You know you have a powerful key insight when it can be recognized to do the following:

– It connects with consumers on an emotional level and elicits the reaction “you obviously understand me.”

– It re-examines existing conventions and challenges the status quo.

– It solves a real problem that results in the creation of new customers.

– It inspires action by giving you a clear target to aim for.

– It is a clear statement of what do next and how to deliver value to your customers.

Finding that critical insight is exceptionally tough, but companies that can develop a potent key insight will be potential game-changers with the ability to power their brand with real (outside-in) brand meaning.


Finally, building brand meaning is not only about identifying what it stands for, but also how it stands apart from its competitors. By analyzing the competitive landscape and how your product or service compares to others in the market, you can focus on branding opportunities that help differentiate the business from the competitive set and show how it delivers something special.

 To be truly distinct you need to define two different elements:                               

– Competitive Environment: The market and its choices as seen by the audience and the choice available to the consumer, with which your brand competes.

– Brand Positioning: A succinct description that identifies the target audience, the brand and its respective categories, a specific benefit, a reason to believe and how the brand credibly demonstrates its superiority from the nearest competitive alternative.

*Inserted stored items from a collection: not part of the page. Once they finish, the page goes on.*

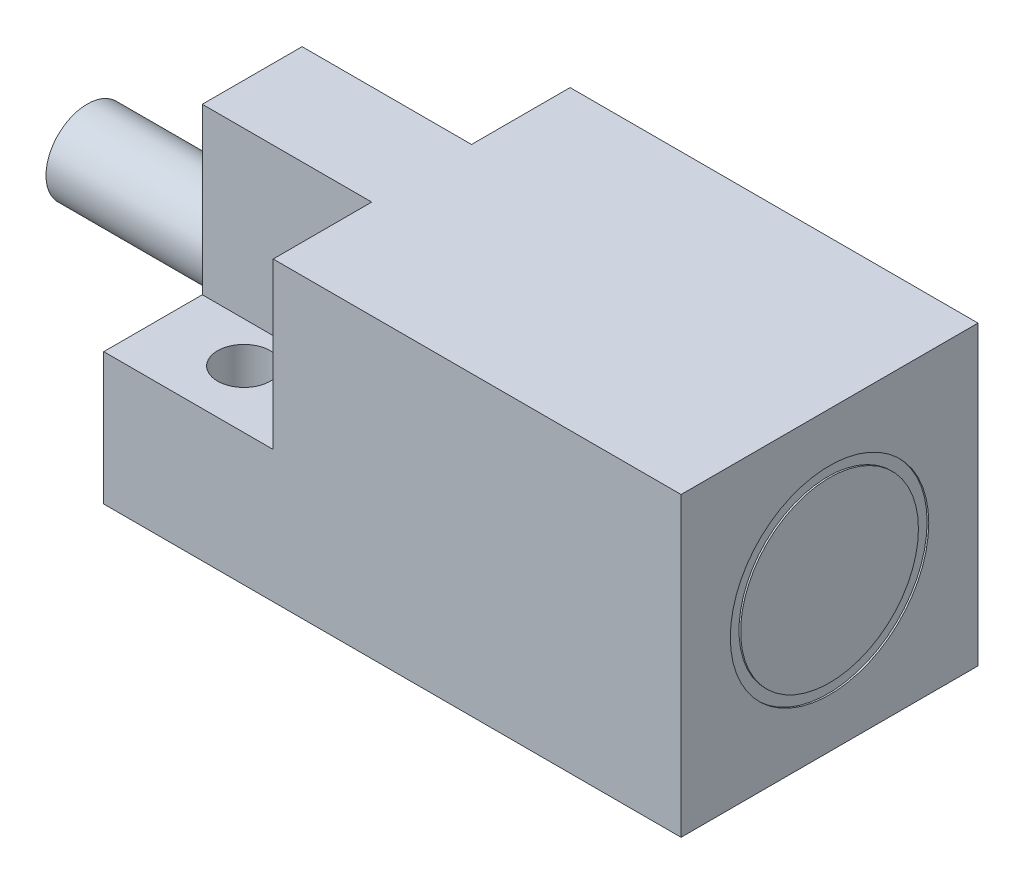
from build123d import *

# Parameters (mm, degrees)
SKETCH_1_W          = 35
SKETCH_1_H          = 18
EXTRUDE_1_DEPTH     = 9
SKETCH_2_R          = 6.015690921
SKETCH_2_R_2        = 5.389890323
CUT_EXTRUDE_1_DEPTH = 0.1
SKETCH_3_R          = 1.6
CUT_EXTRUDE_2_DEPTH = 27.669270706
SKETCH_4_R          = 2.5
EXTRUDE_2_DEPTH     = 10
SKETCH_5_W          = 10.271095748
SKETCH_5_H          = 5.975058515
CUT_EXTRUDE_3_DEPTH = 10


with BuildPart() as part:
    # 草图1 → 凸台-拉伸1 (new, symmetric)
    with BuildSketch(Plane(origin=(0, 0, 0), x_dir=(1, 0, 0), z_dir=(0, 1, 0))):
        Rectangle(SKETCH_1_W, SKETCH_1_H)
    extrude(amount=EXTRUDE_1_DEPTH, both=True)

    # 草图2 → 切除-拉伸1 (cut)
    with BuildSketch(Plane(origin=(17.5, 0, 0), x_dir=(0, 0, -1), z_dir=(1, 0, 0))):
        Circle(SKETCH_2_R)
        Circle(SKETCH_2_R_2, mode=Mode.SUBTRACT)
    extrude(amount=-CUT_EXTRUDE_1_DEPTH, mode=Mode.SUBTRACT)

    # 草图3 → 切除-拉伸2 (cut, through all)
    with BuildSketch(Plane(origin=(0, 9, 0), x_dir=(1, 0, 0), z_dir=(0, 1, 0))):
        with Locations(Location((-12.5, 5.5, 0), (0, 0, 270))):
            Circle(SKETCH_3_R)
        with Locations(Location((-12.5, -5.5, 0), (0, 0, 270))):
            Circle(SKETCH_3_R)
    extrude(amount=-CUT_EXTRUDE_2_DEPTH, mode=Mode.SUBTRACT)

    # 草图4 → 凸台-拉伸2 (add)
    with BuildSketch(Plane.ZY.offset(17.5)):
        with Locations(Location((0, 0, 0), (0, 0, 180))):
            Circle(SKETCH_4_R)
    extrude(amount=EXTRUDE_2_DEPTH)

    # 草图5 → 切除-拉伸3 (cut)
    with BuildSketch(Plane(origin=(0, 9, 0), x_dir=(1, 0, 0), z_dir=(0, 1, 0))):
        with Locations((-12.364452126, 6.012470742)):
            Rectangle(SKETCH_5_W, SKETCH_5_H)
        with Locations((-12.364452126, -6.012470742)):
            Rectangle(SKETCH_5_W, SKETCH_5_H)
    extrude(amount=-CUT_EXTRUDE_3_DEPTH, mode=Mode.SUBTRACT)


solid = part.part
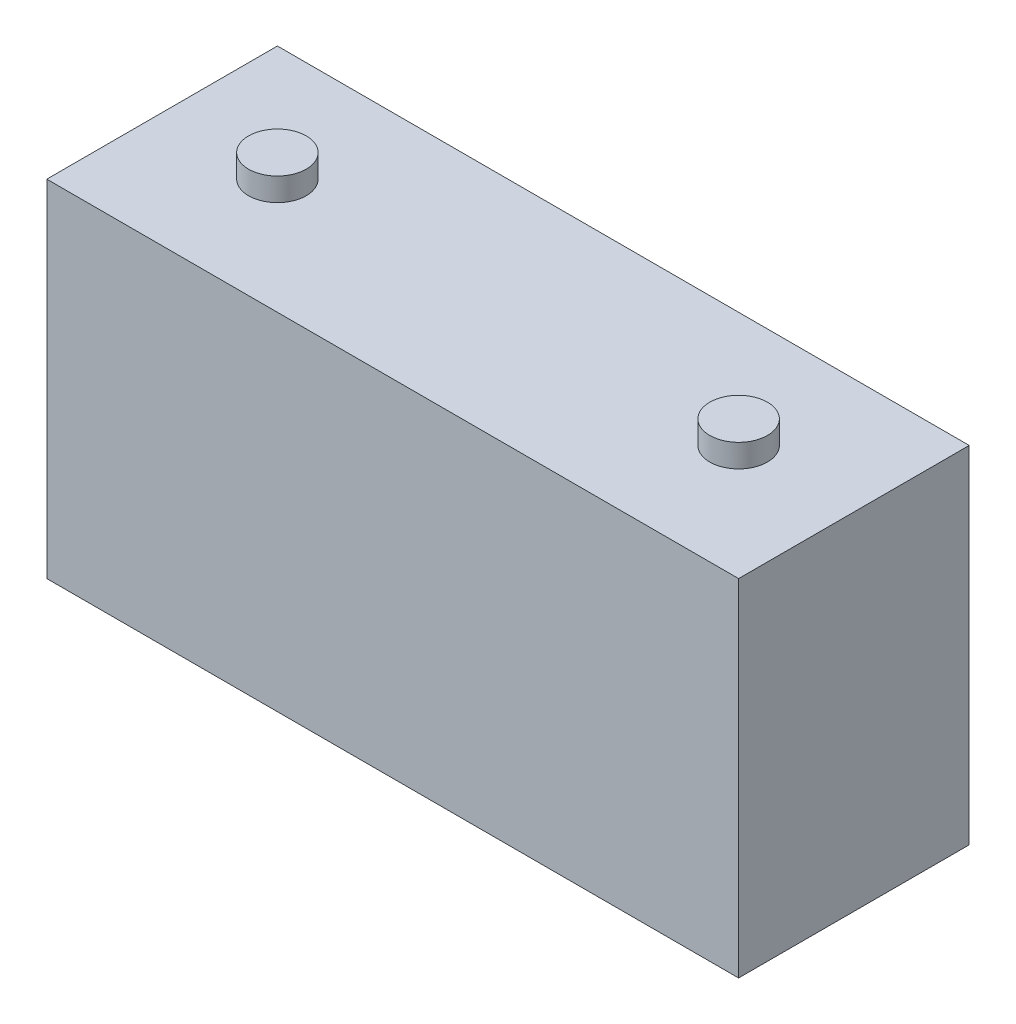
from build123d import *

# Parameters (mm, degrees)
SKETCH_1_W      = 600
SKETCH_1_H      = 300
EXTRUDE_1_DEPTH = 200
SKETCH_2_R      = 25
EXTRUDE_2_DEPTH = 20
EXTRUDE_START   = 20
SKETCH_3_R      = 25
EXTRUDE_3_DEPTH = 20


with BuildPart() as part:
    # 草图1 → 凸台-拉伸1 (new body)
    with BuildSketch(Plane.XY):
        Rectangle(SKETCH_1_W, SKETCH_1_H)
    extrude(amount=EXTRUDE_1_DEPTH)

    # 草图2 → 凸台-拉伸2 (add)
    with BuildSketch(Plane.XZ.offset(150)):
        with Locations(Location((-200, 100, 0), (0, 0, 90))):
            Circle(SKETCH_2_R)
        with Locations(Location((200, 100, 0), (0, 0, 90))):
            Circle(SKETCH_2_R)
    extrude(amount=EXTRUDE_2_DEPTH)

    # 草图3 → 凸台-拉伸3 (add)
    with BuildSketch(Plane(origin=(0, 150, 0), x_dir=(1, 0, 0), z_dir=(0, 1, 0)).offset(EXTRUDE_START)):
        with Locations(Location((200, -100, 0), (0, 0, 270))):
            Circle(SKETCH_3_R)
        with Locations(Location((-200, -100, 0), (0, 0, 270))):
            Circle(SKETCH_3_R)
    extrude(amount=-EXTRUDE_3_DEPTH)


solid = part.part
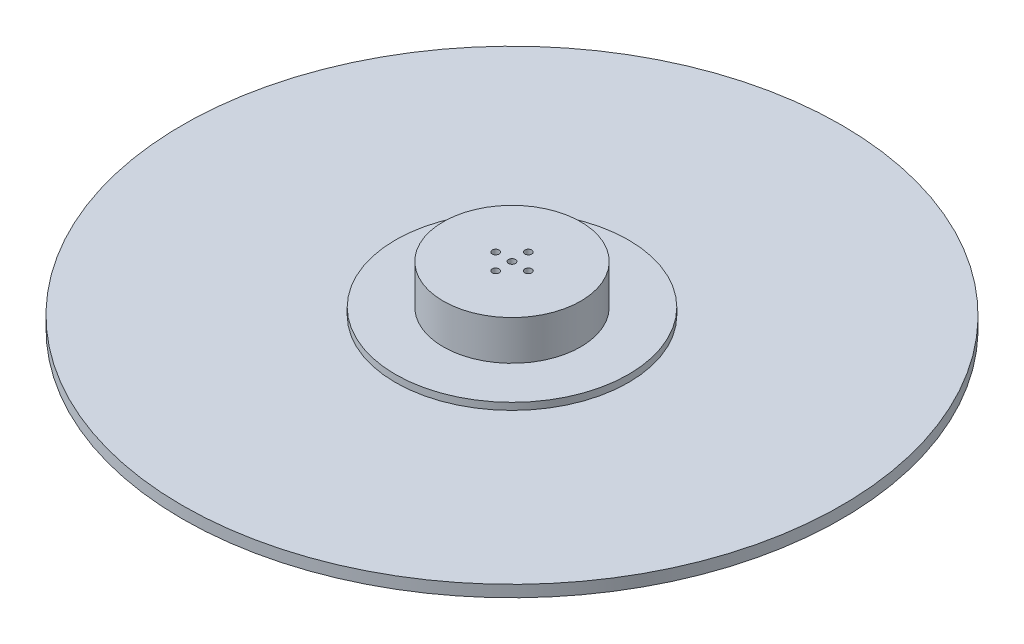
from build123d import *

# Parameters (mm, degrees)
SKETCH_1_R          = 141.4
EXTRUDE_1_DEPTH     = 5
SKETCH_2_R          = 50
EXTRUDE_2_DEPTH     = 3
SKETCH_3_R          = 29.5
EXTRUDE_3_DEPTH     = 17
SKETCH_4_R          = 27
CUT_EXTRUDE_1_DEPTH = 22
SKETCH_5_R          = 1.5
CUT_EXTRUDE_2_DEPTH = 202.176340557


with BuildPart() as part:
    # 草图1 → 凸台-拉伸1 (new body)
    with BuildSketch(Plane(origin=(0, 0, 0), x_dir=(1, 0, 0), z_dir=(0, 1, 0))):
        with Locations(Location((0, 0, 0), (0, 0, 270))):
            Circle(SKETCH_1_R)
    extrude(amount=EXTRUDE_1_DEPTH)

    # 草图2 → 凸台-拉伸2 (add)
    with BuildSketch(Plane(origin=(0, 5, 0), x_dir=(1, 0, 0), z_dir=(0, 1, 0))):
        with Locations(Location((0, 0, 0), (0, 0, 270))):
            Circle(SKETCH_2_R)
    extrude(amount=EXTRUDE_2_DEPTH)

    # 草图3 → 凸台-拉伸3 (add)
    with BuildSketch(Plane(origin=(0, 8, 0), x_dir=(1, 0, 0), z_dir=(0, 1, 0))):
        with Locations(Location((0, 0, 0), (0, 0, 270))):
            Circle(SKETCH_3_R)
    extrude(amount=EXTRUDE_3_DEPTH)

    # 草图4 → 切除-拉伸1 (cut)
    with BuildSketch(Plane.XZ):
        with Locations(Location((0, 0, 0), (0, 0, 270))):
            Circle(SKETCH_4_R)
    extrude(amount=-CUT_EXTRUDE_1_DEPTH, mode=Mode.SUBTRACT)

    # 草图5 → 切除-拉伸2 (cut, through all)
    with BuildSketch(Plane.XZ.offset(-22)):
        with Locations(Location((0, 0, 0), (0, 0, 270))):
            Circle(SKETCH_5_R)
        with Locations(Location((0, 7, 0), (0, 0, 270))):
            Circle(SKETCH_5_R)
        with Locations(Location((7, 0, 0), (0, 0, 270))):
            Circle(SKETCH_5_R)
        with Locations(Location((0, -7, 0), (0, 0, 270))):
            Circle(SKETCH_5_R)
        with Locations(Location((-7, 0, 0), (0, 0, 270))):
            Circle(SKETCH_5_R)
    extrude(amount=-CUT_EXTRUDE_2_DEPTH, mode=Mode.SUBTRACT)


solid = part.part
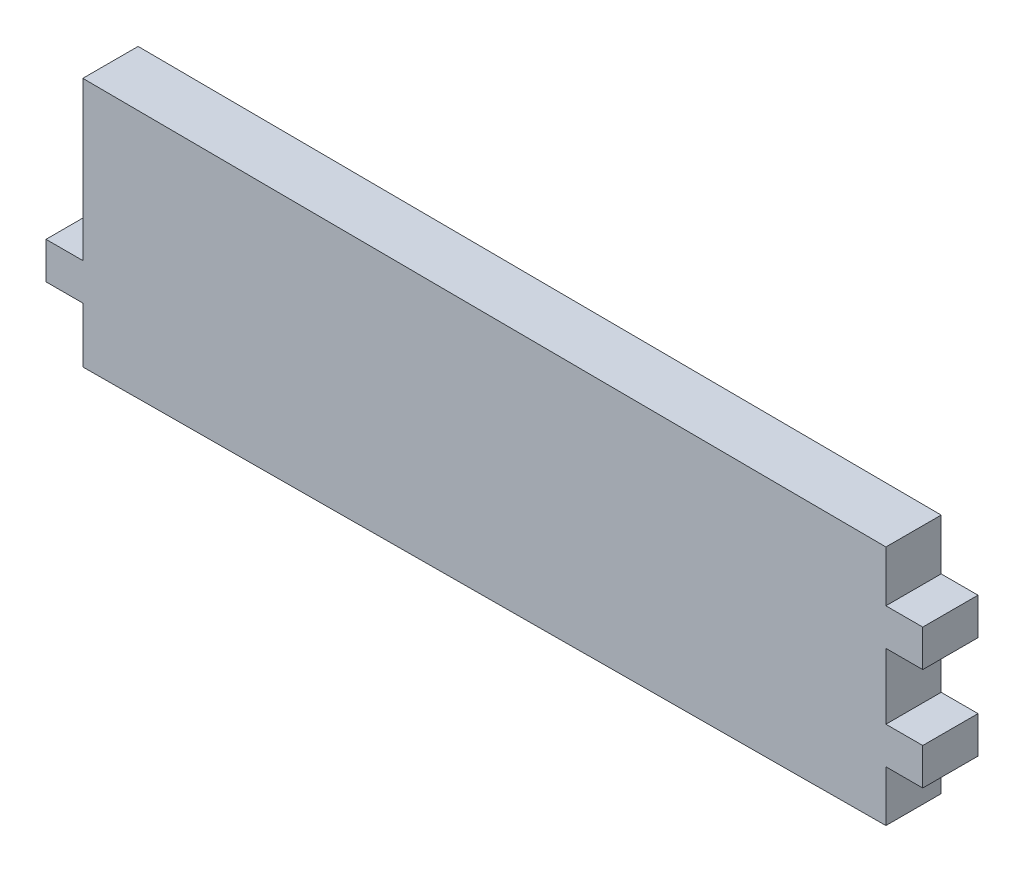
from build123d import *

# Parameters (mm, degrees)
BOSS_EXTRUDE1_DEPTH = 4.7625


with BuildPart() as part:
    # Sketch1 → Boss-Extrude1 (new body)
    with BuildSketch(Plane.XY):
        Polygon((129.113772097, -23.286367498), (132.288772097, -23.286367498), (132.288772097, -9.681374977), (201.503772097, -10.055191911), (201.503772097, -14.447167498), (204.678772097, -14.447167498), (204.678772097, -17.622167498), (201.503772097, -17.622167498), (201.503772097, -23.286367498), (204.678772097, -23.286367498), (204.678772097, -26.461367498), (201.503772097, -26.461367498), (201.503772097, -30.853451146), (132.288772097, -31.227230038), (132.288772097, -26.461367498), (129.113772097, -26.461367498), align=None)
    extrude(amount=BOSS_EXTRUDE1_DEPTH)


solid = part.part
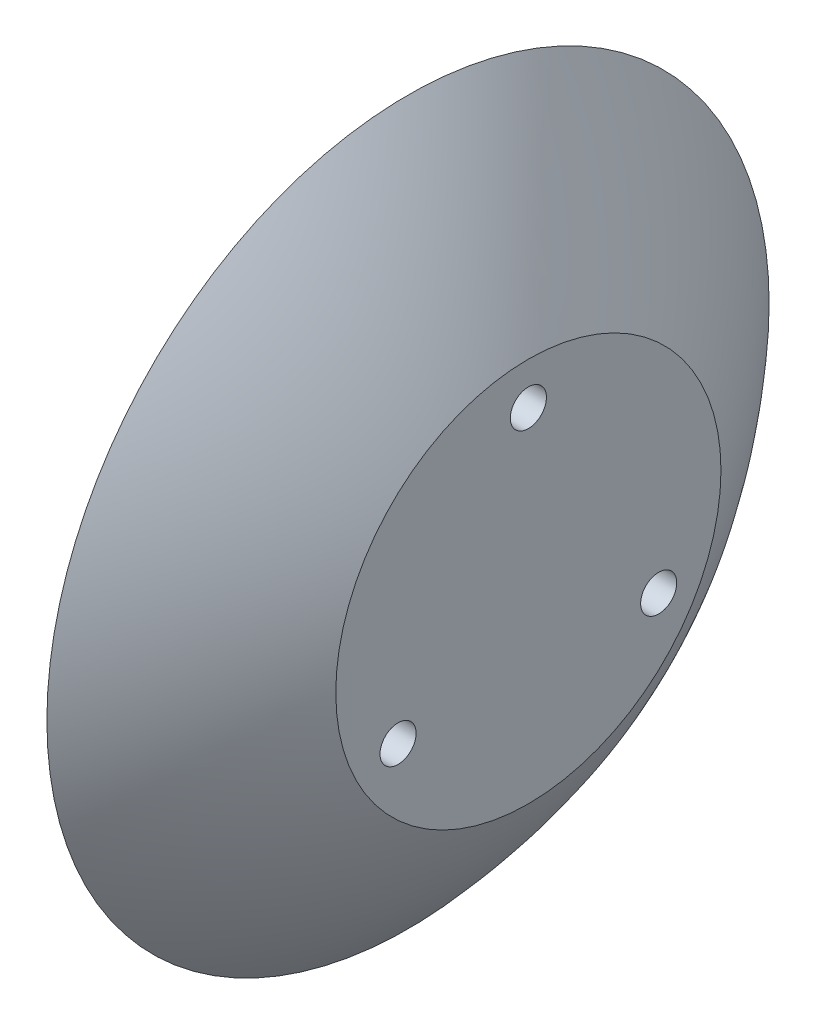
from build123d import *

# Parameters (mm, degrees)
CROQUIS3_R            = 1.5
CORTAR_EXTRUIR1_DEPTH = 10


with BuildPart() as part:
    # Croquis1 → Revolución1 (revolve)
    with BuildSketch(Plane.XY, mode=Mode.PRIVATE) as revoluci_n1_sk:
        with BuildLine():
            Line((0, 0), (0, 30))
            ThreePointArc((0, 30), (5.396386912, 23.283133509), (10, 16))
            Line((10, 16), (10, 0))
            Line((10, 0), (0, 0))
        make_face()
    revolve(revoluci_n1_sk.sketch.rotate(Axis((22.474950153, 0, 0), (-1, 0, 0)), 90), axis=Axis((22.474950153, 0, 0), (-1, 0, 0)))

    # Croquis3 → Cortar-Extruir1 (cut)
    with BuildSketch(Plane(origin=(10, 0, 0), x_dir=(0, 0, -1), z_dir=(1, 0, 0))):
        with Locations((0, 12.5)):
            Circle(CROQUIS3_R)
        with Locations((10.825317547, -6.25)):
            Circle(CROQUIS3_R)
        with Locations((-10.825317547, -6.25)):
            Circle(CROQUIS3_R)
    extrude(amount=-CORTAR_EXTRUIR1_DEPTH, mode=Mode.SUBTRACT)


solid = part.part
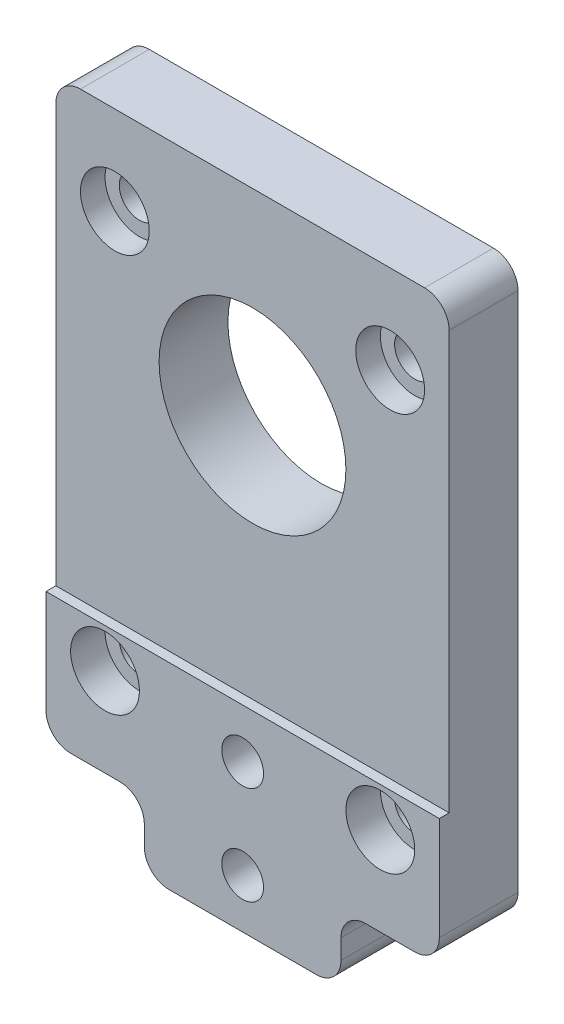
from build123d import *
from build123d.topology import SkipClean

# Parameters (mm, degrees)
SKETCH1_R           = 2.125
BOSS_EXTRUDE2_DEPTH = 8
SKETCH7_W           = 40
SKETCH7_H           = 58
BOSS_EXTRUDE3_DEPTH = 8
FILLET1_R           = 2.5
SKETCH3_R           = 9.5
CUT_EXTRUDE2_DEPTH  = 55.442630355
SKETCH2_R           = 2.05
CUT_EXTRUDE1_DEPTH  = 55.442630355
SKETCH6_W           = 60
SKETCH6_H           = 50
CUT_EXTRUDE5_DEPTH  = 1
SKETCH9_R           = 2.125
CUT_EXTRUDE7_DEPTH  = 55.442630355
SKETCH11_R          = 3.5
CUT_EXTRUDE9_DEPTH  = 3.5


with BuildPart() as part:
    # Sketch1 → Boss-Extrude2 (new body)
    with BuildSketch(Plane.XY):
        with BuildLine():
            Line((-10, -15), (-10, 15))
            Line((-10, 15), (-15, 30))
            ThreePointArc((-15, 30), (0, 45), (15, 30))
            Line((15, 30), (10, 15))
            Line((10, 15), (10, -15))
            Line((10, -15), (-10, -15))
        make_face()
        Circle(SKETCH1_R, mode=Mode.SUBTRACT)
        with Locations((0, -10)):
            Circle(SKETCH1_R, mode=Mode.SUBTRACT)
    extrude(amount=BOSS_EXTRUDE2_DEPTH)

    # Sketch7 → Boss-Extrude3 (add)
    with BuildSketch(Plane(origin=(0, 0, 0), x_dir=(-1, 0, 0), z_dir=(0, 0, -1))):
        with Locations((0, 21)):
            Rectangle(SKETCH7_W, SKETCH7_H)
    extrude(amount=-BOSS_EXTRUDE3_DEPTH)

    # Fillet1
    fillet1_edges = [part.edges().sort_by_distance(p)[0] for p in [
        (10, -15, 4),
        (-10, -15, 4),
        (-20, -8, 4),
        (-10, -8, 4),
        (10, -8, 4),
        (-20, 50, 4),
        (20, 50, 4),
        (20, -8, 4),
    ]]
    fillet(fillet1_edges, radius=FILLET1_R)

    # Sketch3 → Cut-Extrude2 (cut, through all)
    with BuildSketch(Plane.XY.offset(8)):
        with Locations((0, 30)):
            Circle(SKETCH3_R)
    extrude(amount=-CUT_EXTRUDE2_DEPTH, mode=Mode.SUBTRACT)

    # Sketch2 → Cut-Extrude1 (cut, through all)
    with BuildSketch(Plane.XY.offset(8)):
        with Locations((-14, 41)):
            Circle(SKETCH2_R)
        with Locations((14, 41)):
            Circle(SKETCH2_R)
        with Locations((14, 1)):
            Circle(SKETCH2_R)
        with Locations((-14, 1)):
            Circle(SKETCH2_R)
    extrude(amount=-CUT_EXTRUDE1_DEPTH, mode=Mode.SUBTRACT)

    # Sketch6 → Cut-Extrude5 (cut)
    with BuildSketch(Plane.XY.offset(8)):
        with Locations((0, 30)):
            Rectangle(SKETCH6_W, SKETCH6_H)
    extrude(amount=-CUT_EXTRUDE5_DEPTH, mode=Mode.SUBTRACT)

    # Sketch9 → Cut-Extrude7 (cut, through all)
    with SkipClean():  # the faces are left unmerged after this step: merging them gives an invalid solid
        with BuildSketch(Plane.XY.offset(8)):
            with Locations((0, -10)):
                Circle(SKETCH9_R)
            Circle(SKETCH9_R)
        extrude(amount=-CUT_EXTRUDE7_DEPTH, mode=Mode.SUBTRACT)

    # Sketch11 → Cut-Extrude9 (cut)
    with SkipClean():  # the faces are left unmerged after this step: merging them gives an invalid solid
        with BuildSketch(Plane.XY.offset(8)):
            with Locations((-14, 1)):
                Circle(SKETCH11_R)
            with Locations((14, 1)):
                Circle(SKETCH11_R)
            with Locations((14, 41)):
                Circle(SKETCH11_R)
            with Locations((-14, 41)):
                Circle(SKETCH11_R)
        extrude(amount=-CUT_EXTRUDE9_DEPTH, mode=Mode.SUBTRACT)


solid = part.part

BrandFrame not only provides the foundation for the development of authentic brand meaning, but it also aligns the many dimensions to drive a cohesive experience across all touch points. Together, they become a set of brand experience guidelines to deliver a brand that is:

RELEVANT: Demonstrates a deep understanding of the customer’s hopes, dreams, values, needs, and emotions to ensure that these are mirrored by the company and its employees. This will determine the specific benefits the brand experience will need to communicate to build a relationship based on a shared understanding of value.

DISTINCT: Understands how customers and employees view the competitive set and what values they ascribe to them. What points of parity exist within the industry? What antes do we need to adopt to be credible? And what opportunities exist to make us distinct from the competition?

AUTHENTIC: Defines what’s authentic to the business’ customers and employees. What is real and meaningful to them? Compare this to their perceptions of the business’s brand and determine where we can be authentic to gain an advantage by being true to our heritage and capability. From here we can deliver against the expectations customers have of us.

CLEAR: Creates substance behind the brand by communicating, verbally, visually and behaviorally what the brand stands for regarding its purpose, promise, values, positioning and value proposition (both emotionally and functionally). This is one of the central strategic factors for success.

CONSISTENT: Develops a consistent brand experience that is scalable and repeatable across a variety of customer, employee and community touchpoints, and situations. Brand consistency is required for easy brand recognition. With recognition comes familiarity. With familiarity comes trust and confidence.

Put BrandFrame to work in your organization to inspire consumers to look to promote, evangelize and join your brand. And use it continuously to connect emotionally with your desired audience.